**YOUR OBJECTIVE**
Copy every record exactly as it stands. Leave the pictures out.

**RAW DATA**
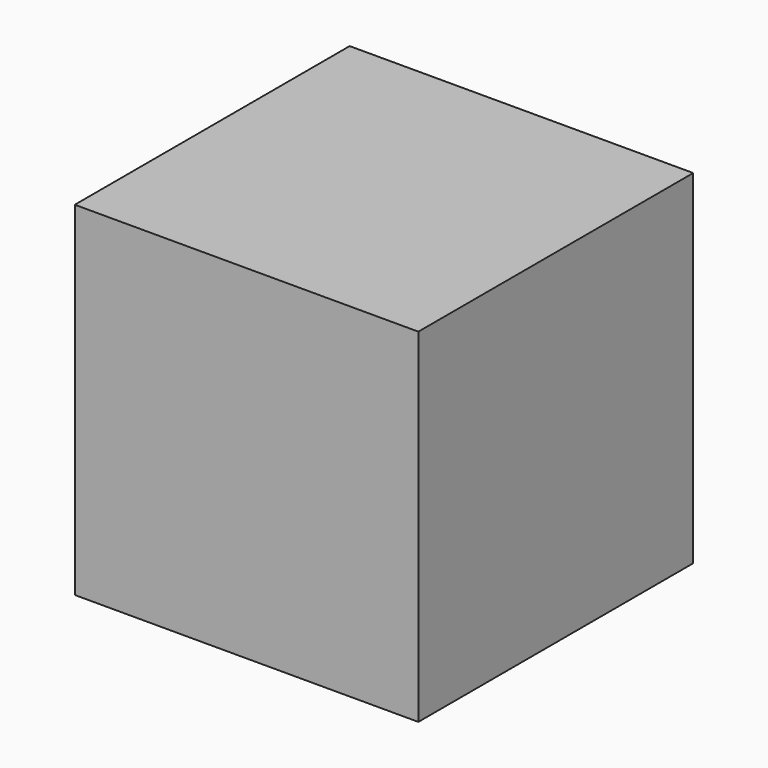
from build123d import *

# Parameters (mm, degrees)
F1_W     = 254
F1_H     = 254
F2_DEPTH = 127


# Not quite as in the source:
# - a variable given as a bare number and used for a length is read in inches; the dataset says mm whatever the document's units were


with BuildPart() as f2:
    # F1 (on Top) → F2 (new body, symmetric)
    with BuildSketch(Plane.XY):
        Rectangle(F1_W, F1_H)
    extrude(amount=F2_DEPTH, both=True)


solid = f2.part

**WRITTEN RESPONSE**
from build123d import *

# Parameters (mm, degrees)
F1_W     = 254
F1_H     = 254
F2_DEPTH = 127


# Not quite as in the source:
# - a variable given as a bare number and used for a length is read in inches; the dataset says mm whatever the document's units were


with BuildPart() as f2:
    # F1 (on Top) → F2 (new body, symmetric)
    with BuildSketch(Plane.XY):
        Rectangle(F1_W, F1_H)
    extrude(amount=F2_DEPTH, both=True)


solid = f2.part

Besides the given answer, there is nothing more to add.